What is needed ▸ Give again, word for word, every line in the entries below from the line with "line L9 (14.8384, 3.85)" up to and including the line with "constraint midpoint L9 A1.centre", and no other line.
**** Extracted data
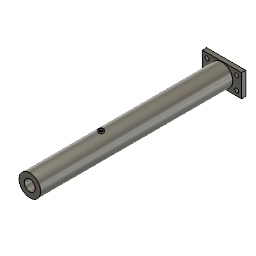
Full+System+Assembly (Autodesk Fusion 360 archive; units mm, degrees)
design "Measurement Tube"
Autodesk Fusion 360 part; units mm, degrees
note: some values were not read from the file. Set by a fixed rule: which face or edge a step refers to.
(part 1 of 5)
sketch "Sketch1" plane through (0, 0, 0) normal (0, 0, 1) x (1, 0, 0)
  circle A0 centre (0, 0) radius 6.375
  circle A1 centre (0, 0) radius 12.5
  dimension "d1" = 25
  dimension "d2" = 12.75
  constraint coincident A0.centre A1.centre
  measures "d1" diameter of A1
  measures "d2" diameter of A0
extrude "Extrude1" add sketch "Sketch1" along normal blind 225 contours A0 | A1
extrude "Extrude19" cut sketch "Sketch1" along normal up to surface (225 mm away) contours A0
sketch "Sketch22" plane through (0, 0, 0) normal (0, 0, 1) x (1, 0, 0)
  line L0 (22.5, 13) -> (-22.5, 13)
  line L1 (-22.5, 13) -> (-22.5, -13)
  line L2 (-22.5, -13) -> (22.5, -13)
  line L3 (22.5, -13) -> (22.5, 13)
  circle A0 centre (0, 0) radius 6.375 construction
  circle A1 centre (0, 0) radius 12.5 construction
  line L4 (0, 0) -> (22.5, 0) construction
  line L5 (0, 0) -> (-22.5, 0) construction
  circle A2 centre (0, 0) radius 12.5
  circle A3 centre (17, 7.5) radius 2.25
  circle A4 centre (-17, 7.5) radius 2.25
  circle A5 centre (-17, -7.5) radius 2.25
  circle A6 centre (17, -7.5) radius 2.25
  point P0 (12.5, 0)
  point P1 (-12.5, 0)
  dimension "d150" = 10
  dimension "d151" = 10
  dimension "d152" = 13
  dimension "d155" = 4.5
  dimension "d156" = 17
  dimension "d157" = 17
  dimension "d158" = 17
  dimension "d159" = 17
  dimension "d160" = 4.5
  dimension "d161" = 4.5
  dimension "d162" = 4.5
  dimension "d163" = 7.5
  dimension "d164" = 7.5
  dimension "d165" = 7.5
  dimension "d166" = 7.5
  constraint horizontal L0
  constraint vertical L1
  constraint horizontal L2
  constraint vertical L3
  constraint coincident A0.centre A1.centre
  constraint midpoint L3 L4.end
  constraint horizontal L4
  constraint coincident A1 P0
  constraint coincident L4 P0
  constraint midpoint L1 L5.end
  constraint coincident A1 P1
  constraint coincident L5 P1
  constraint coincident P0 A2
  measures "d150" distance of L4.end P0
  measures "d151" distance of L5.end P1
  measures "d152" distance of L0 A0.centre
  measures "d155" diameter of A3
  measures "d156" horizontal distance of A0.centre A3.centre
  measures "d157" horizontal distance of A0.centre A4.centre
  measures "d158" horizontal distance of A0.centre A6.centre
  measures "d159" horizontal distance of A0.centre A5.centre
  measures "d160" diameter of A4
  measures "d161" diameter of A6
  measures "d162" diameter of A5
  measures "d163" distance of L4 A3.centre
  measures "d164" distance of L5 A4.centre
  measures "d165" distance of L4 A6.centre
  measures "d166" distance of L5 A5.centre
extrude "Mount Holes" add sketch "Sketch22" along normal blind 5
ref_plane "WorkPlane4" through (0, 6.4, 0) normal (0, 1, 0) x (0, 0, 1)
sketch "Sketch21" plane through (0, 6.4, 0) normal (0, 1, 0) x (1, 0, 0)
  circle A0 centre (0, -143.363) radius 1.7
  circle A1 centre (0, -143.363) radius 2.7
  line L0 (-12.5, -225) -> (12.5, -225)
  line L1 (22.5, 0) -> (-22.5, 0) construction
  line L2 (-22.5, 0) -> (-22.5, -5) construction
  line L3 (-22.5, -5) -> (22.5, -5) construction
  line L4 (22.5, -5) -> (22.5, 0) construction
  line L5 (0, -5) -> (0, -225) construction
  dimension "d137" = 3.4
  dimension "d138" = 5.4
  dimension "d167" = 81.637
  constraint concentric A0 A1
  constraint midpoint L3 L5.start
  constraint midpoint L0 L5.end
  constraint coincident A0.centre L5
  measures "d137" diameter of A0
  measures "d138" diameter of A1
  measures "d167" distance of A0.centre L0
extrude "Extrude17" add sketch "Sketch21" along normal blind 8
extrude "Extrude18" cut sketch "Sketch21" along normal blind 8 and the other way blind 2 contours A0
equation "d5 = 12.8 mm"
equation "d20 = 0.105 in"
equation "d22 = d20"
equation "d29 = 2.5 in"
equation "d129 = 7.5 mm"
equation "d136 = d5 / 2"
equation "d138 = d137 + 2 mm"
equation "d151 = d150"
equation "d157 = d156"
equation "d158 = d156"
equation "d159 = d156"
equation "d160 = d155"
equation "d161 = d155"
equation "d162 = d155"
equation "d164 = d163"
equation "d165 = d163"
equation "d166 = d163"
equation "d50 = d48 / 2"
equation "d51 = d50"
equation "d52 = d53"
equation "d53 = d46 / 2"
equation "d54 = 4.25 mm"
equation "d55 = d54"
equation "d56 = -d45"
equation "d58 = 4.5 mm"
equation "d59 = d58"
equation "d64 = d67"
equation "d67 = 154.736 mm"
equation "d70 = d67"
equation "d110 = d26 / 2"
equation "d111 = d16 / 2"
equation "d115 = -d29"
equation "d119 = -d29"
equation "d127 = 17 mm"
equation "d128 = d127"
equation "d130 = d129"
equation "d131 = 4.25 mm"
equation "d132 = d131"

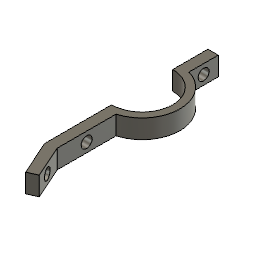
design "Trumpet Clamp 3 Secondary"
Autodesk Fusion 360 part; units mm, degrees
sketch "Sketch1" plane through (0, 0, 0) normal (0, 1, 0) x (1, 0, 0)
  circle A0 centre (0, 0) radius 12.435
  circle A1 centre (0, 0) radius 15.435
  line L0 (0, 0) -> (-15.435, 0) construction
  line L1 (0, 0) -> (15.435, 0) construction
  line L2 (-4.25, -40.647) -> (8.6182, -69.5153)
  line L3 (4.25, -38.8384) -> (16.3818, -66.0547)
  circle A2 centre (12.5, -67.785) radius 4.25
  line L4 (12.5, -67.785) -> (8.6182, -69.5153) construction
  line L5 (12.5, -67.785) -> (16.3818, -66.0547) construction
  circle A3 centre (12.5, -67.785) radius 2.25
  line L6 (-4.25, -40.647) -> (-4.25, -14.8384)
  line L7 (4.25, -38.8384) -> (4.25, -14.8384)
  line L8 (0, 0) -> (0, -38.8384) construction
  line L9 (4.25, -38.8384) -> (-4.25, -38.8384) construction
  line L10 (-4.25, 14.8384) -> (-4.25, 26.8384)
  line L11 (-4.25, 26.8384) -> (4.25, 26.8384)
  line L12 (4.25, 26.8384) -> (4.25, 14.8384)
  line L13 (-4.25, -14.8384) -> (-4.25, 14.8384) construction
  line L14 (4.25, 14.8384) -> (4.25, -14.8384) construction
  line L15 (12.5, -67.785) -> (12.5, -72.035) construction
  point P0 (0, -15.435)
  point P1 (12.5, -72.035)
  dimension "d1" = 24.87
  dimension "d3" = 4.5
  dimension "d4" = 8.5
  dimension "d5" = 12.5
  dimension "d19" = 8.5
  dimension "d22" = 30.87
  dimension "d31" = 12
  dimension "d32" = 24
  dimension "d35" = 56.6
  constraint coincident A0.centre A1.centre
  constraint concentric A0 A1
  constraint coincident A1 L0.end
  constraint horizontal L0
  constraint coincident A1 L1.end
  constraint parallel L0 L1
  constraint coincident A2.centre L4.start
  constraint coincident A2 L2.end
  constraint coincident A2 L3.end
  constraint parallel L4 L5
  constraint coincident L2.end L4.end
  constraint coincident L3.end L5.end
  constraint coincident A1 L6.end
  constraint coincident A1 L7.end
  constraint parallel L2 L3
  constraint vertical L6
  constraint vertical L7
  constraint vertical L8
  constraint tangent L3 A2
  constraint coincident L6 L9.end
  constraint perpendicular L6 L9
  constraint midpoint L8.end L9
  constraint coincident A1 L10.start
  constraint vertical L10
  constraint perpendicular L10 L11
  constraint coincident A1 L12.end
  constraint perpendicular L11 L12
  constraint vertical L13
  constraint vertical L14
  constraint coincident L8 P0
  constraint coincident A1 P0
  constraint coincident A2 P1
  constraint vertical L15
  constraint coincident P1 L15.end
  measures "d1" diameter of A0
  measures "d3" diameter of A3
  measures "d4" diameter of A2
  measures "d5" horizontal distance of A0.centre A2.centre
  measures "d19" distance of L6 L7
  measures "d22" diameter of A1
  measures "d31" distance of L11.end L12.end
  measures "d32" distance of L3.start L7.end
  measures "d35" vertical distance of P0 P1
extrude "Extrude1" add sketch "Sketch1" along normal blind 7.7
sketch "Sketch2" plane through (-10.8972, 0, 4.8575) normal (0.913367, 0, -0.407138) x (-0.407138, 0, -0.913367)
  line L0 (-67.0018, 0) -> (-37.204, 0)
  line L1 (-37.204, 0) -> (-37.204, 7.7)
  line L2 (-37.204, 7.7) -> (-67.0018, 7.7)
  line L3 (-67.0018, 7.7) -> (-67.0018, 0)
  line L4 (-37.204, 3.85) -> (-67.0018, 3.85) construction
  circle A0 centre (-45.204, 3.85) radius 2.25
  dimension "d33" = 8
  dimension "d34" = 4.5
  constraint midpoint L1 L4.start
  constraint midpoint L3 L4.end
  constraint coincident L4 A0.centre
  measures "d33" distance of L1 A0.centre
  measures "d34" diameter of A0
extrude "Extrude2" cut sketch "Sketch2" against normal up to surface (8.5 mm away) contours A0
sketch "Sketch3" plane through (4.25, 0, 0) normal (1, 0, 0) x (0, 0, -1)
  line L0 (-38.8384, 0) -> (-14.8384, 0)
  line L1 (-14.8384, 0) -> (-14.8384, 7.7)
  line L2 (-14.8384, 7.7) -> (-38.8384, 7.7)
  line L3 (-38.8384, 7.7) -> (-38.8384, 0)
  line L4 (-14.8384, 3.85) -> (-38.8384, 3.85) construction
  circle A0 centre (-26.8384, 3.85) radius 2.25
  line L5 (14.8384, 0) -> (26.8384, 0) construction
  line L6 (26.8384, 0) -> (26.8384, 7.7) construction
  line L7 (26.8384, 7.7) -> (14.8384, 7.7) construction
  line L8 (14.8384, 7.7) -> (14.8384, 0) construction
  line L9 (14.8384, 3.85) -> (26.8384, 3.85) construction
  circle A1 centre (20.8384, 3.85) radius 2.25
  dimension "d16" = 4.5
  constraint midpoint L1 L4.start
  constraint midpoint L3 L4.end
  constraint midpoint L4 A0.centre
  constraint midpoint L8 L9.start
  constraint midpoint L6 L9.end
  constraint midpoint L9 A1.centre
  constraint equal A0 A1
  measures "d16" diameter of A0
extrude "Extrude3" cut sketch "Sketch3" against normal up to surface (8.5 mm away) contours A0 | A1
sketch "Sketch4" plane through (0, 0, 0) normal (1, 0, 0) x (0, 0, -1)
  circle A0 centre (-26.8384, 3.85) radius 2.25 construction
  line L0 (-38.8384, 0) -> (-14.8384, 0) construction
  line L1 (-14.8384, 0) -> (-14.8384, 7.7) construction
  line L2 (-14.8384, 7.7) -> (-38.8384, 7.7) construction
  line L3 (-38.8384, 7.7) -> (-38.8384, 0) construction
  line L4 (14.8384, 0) -> (-14.8384, 0) construction
  line L5 (-14.8384, 0) -> (-14.8384, 7.7) construction
  line L6 (14.8384, 7.7) -> (-14.8384, 7.7) construction
  line L7 (-14.8384, 7.7) -> (-14.8384, 0) construction
  circle A1 centre (-26.8384, 3.85) radius 2.25 construction
  line L8 (-14.8384, 0) -> (-40.647, 0) construction
  line L9 (-40.647, 0) -> (-40.647, 7.7) construction
  line L10 (-40.647, 7.7) -> (-14.8384, 7.7) construction
  line L11 (-14.8384, 7.7) -> (-14.8384, 0) construction
  line L12 (14.8384, 0) -> (-39.7427, 0)
  line L13 (-39.7427, 0) -> (-39.7427, 7.7)
  line L14 (-39.7427, 7.7) -> (14.8384, 7.7)
  line L15 (14.8384, 7.7) -> (14.8384, 0)
  line L16 (-40.647, 7.7) -> (-38.8384, 7.7) construction
  line L17 (14.8384, 7.7) -> (14.8384, 0)
  line L18 (14.8384, 0) -> (-14.8384, 0)
  line L19 (14.8384, 0) -> (14.8384, 7.7)
  line L20 (14.8384, 7.7) -> (-14.8384, 7.7)
  circle A2 centre (20.8384, 3.85) radius 2.25
  line L21 (14.8384, 0) -> (26.8384, 0)
  line L22 (26.8384, 0) -> (26.8384, 7.7)
  line L23 (26.8384, 7.7) -> (14.8384, 7.7)
  line L24 (14.8384, 7.7) -> (14.8384, 0)
  constraint horizontal L12
  constraint vertical L13
  constraint horizontal L14
  constraint vertical L15
  constraint coincident L10 L13.end
  constraint coincident L4.start L12.start
  constraint coincident L9.end L10.start
  constraint coincident L2.end L3.start
  constraint midpoint L13.end L16
extrude "Extrude4" cut sketch "Sketch4" against normal blind 15.435
ref_plane "WorkPlane1" through (6.0659, 3.85, 53.3509) normal (-0.913367, 0, 0.407138) x (0.407138, 0, 0.913367)
sketch "Sketch5" plane through (-14.779, 0, 6.5878) normal (-0.913367, 0, 0.407138) x (0.407138, 0, 0.913367)
  line L0 (11.3577, 7.7) -> (11.3577, 0) construction
  line L1 (11.3577, 0) -> (36.2997, 0) construction
  line L2 (36.2997, 0) -> (36.2997, 7.7) construction
  line L3 (36.2997, 7.7) -> (11.3577, 7.7) construction
  ellipse E0 centre (24.5133, 3.85) end of major axis (24.5133, 1.6) minor radius 2.0551
  line L4 (64.7518, 7.7) -> (69.2518, 7.7) construction
  line L5 (36.2997, 7.7) -> (67.0018, 7.7) construction
  line L6 (67.0018, 7.7) -> (67.0018, 0) construction
  line L7 (67.0018, 0) -> (36.2997, 0) construction
  line L8 (36.2997, 0) -> (36.2997, 7.7) construction
  line L9 (51.6507, 7.7) -> (33.5308, 7.7)
  line L10 (33.5308, 7.7) -> (33.5308, 0)
  line L11 (33.5308, 0) -> (51.6507, 0)
  line L12 (51.6507, 0) -> (51.6507, 7.7)
  constraint horizontal L5
  constraint vertical L6
  constraint horizontal L7
  constraint vertical L8
  constraint coincident L2.end L3.start
  constraint midpoint L4 L5.end
  constraint coincident L1.end L7
  constraint horizontal L9
  constraint vertical L10
  constraint horizontal L11
  constraint vertical L12
  constraint coincident L1 L10.end
  constraint midpoint L5 L9.start
extrude "Extrude5" cut sketch "Sketch5" along normal up to surface (4.25 mm away) contours L9 L10 L11 L12
sketch "Sketch6" plane through (-18.6608, 0, 8.3181) normal (-0.913367, 0, 0.407138) x (0.407138, 0, 0.913367)
  line L0 (36.2997, 7.7) -> (36.2997, 0)
  line L1 (36.2997, 0) -> (51.6507, 0)
  line L2 (51.6507, 7.7) -> (36.2997, 7.7)
  circle A0 centre (45.204, 3.85) radius 2.25
  line L3 (51.6507, 7.7) -> (111.7151, 7.7)
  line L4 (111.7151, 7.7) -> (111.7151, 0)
********
Final answer ▸
  line L9 (14.8384, 3.85) -> (26.8384, 3.85) construction
  circle A1 centre (20.8384, 3.85) radius 2.25
  dimension "d16" = 4.5
  constraint midpoint L1 L4.start
  constraint midpoint L3 L4.end
  constraint midpoint L4 A0.centre
  constraint midpoint L8 L9.start
  constraint midpoint L6 L9.end
  constraint midpoint L9 A1.centre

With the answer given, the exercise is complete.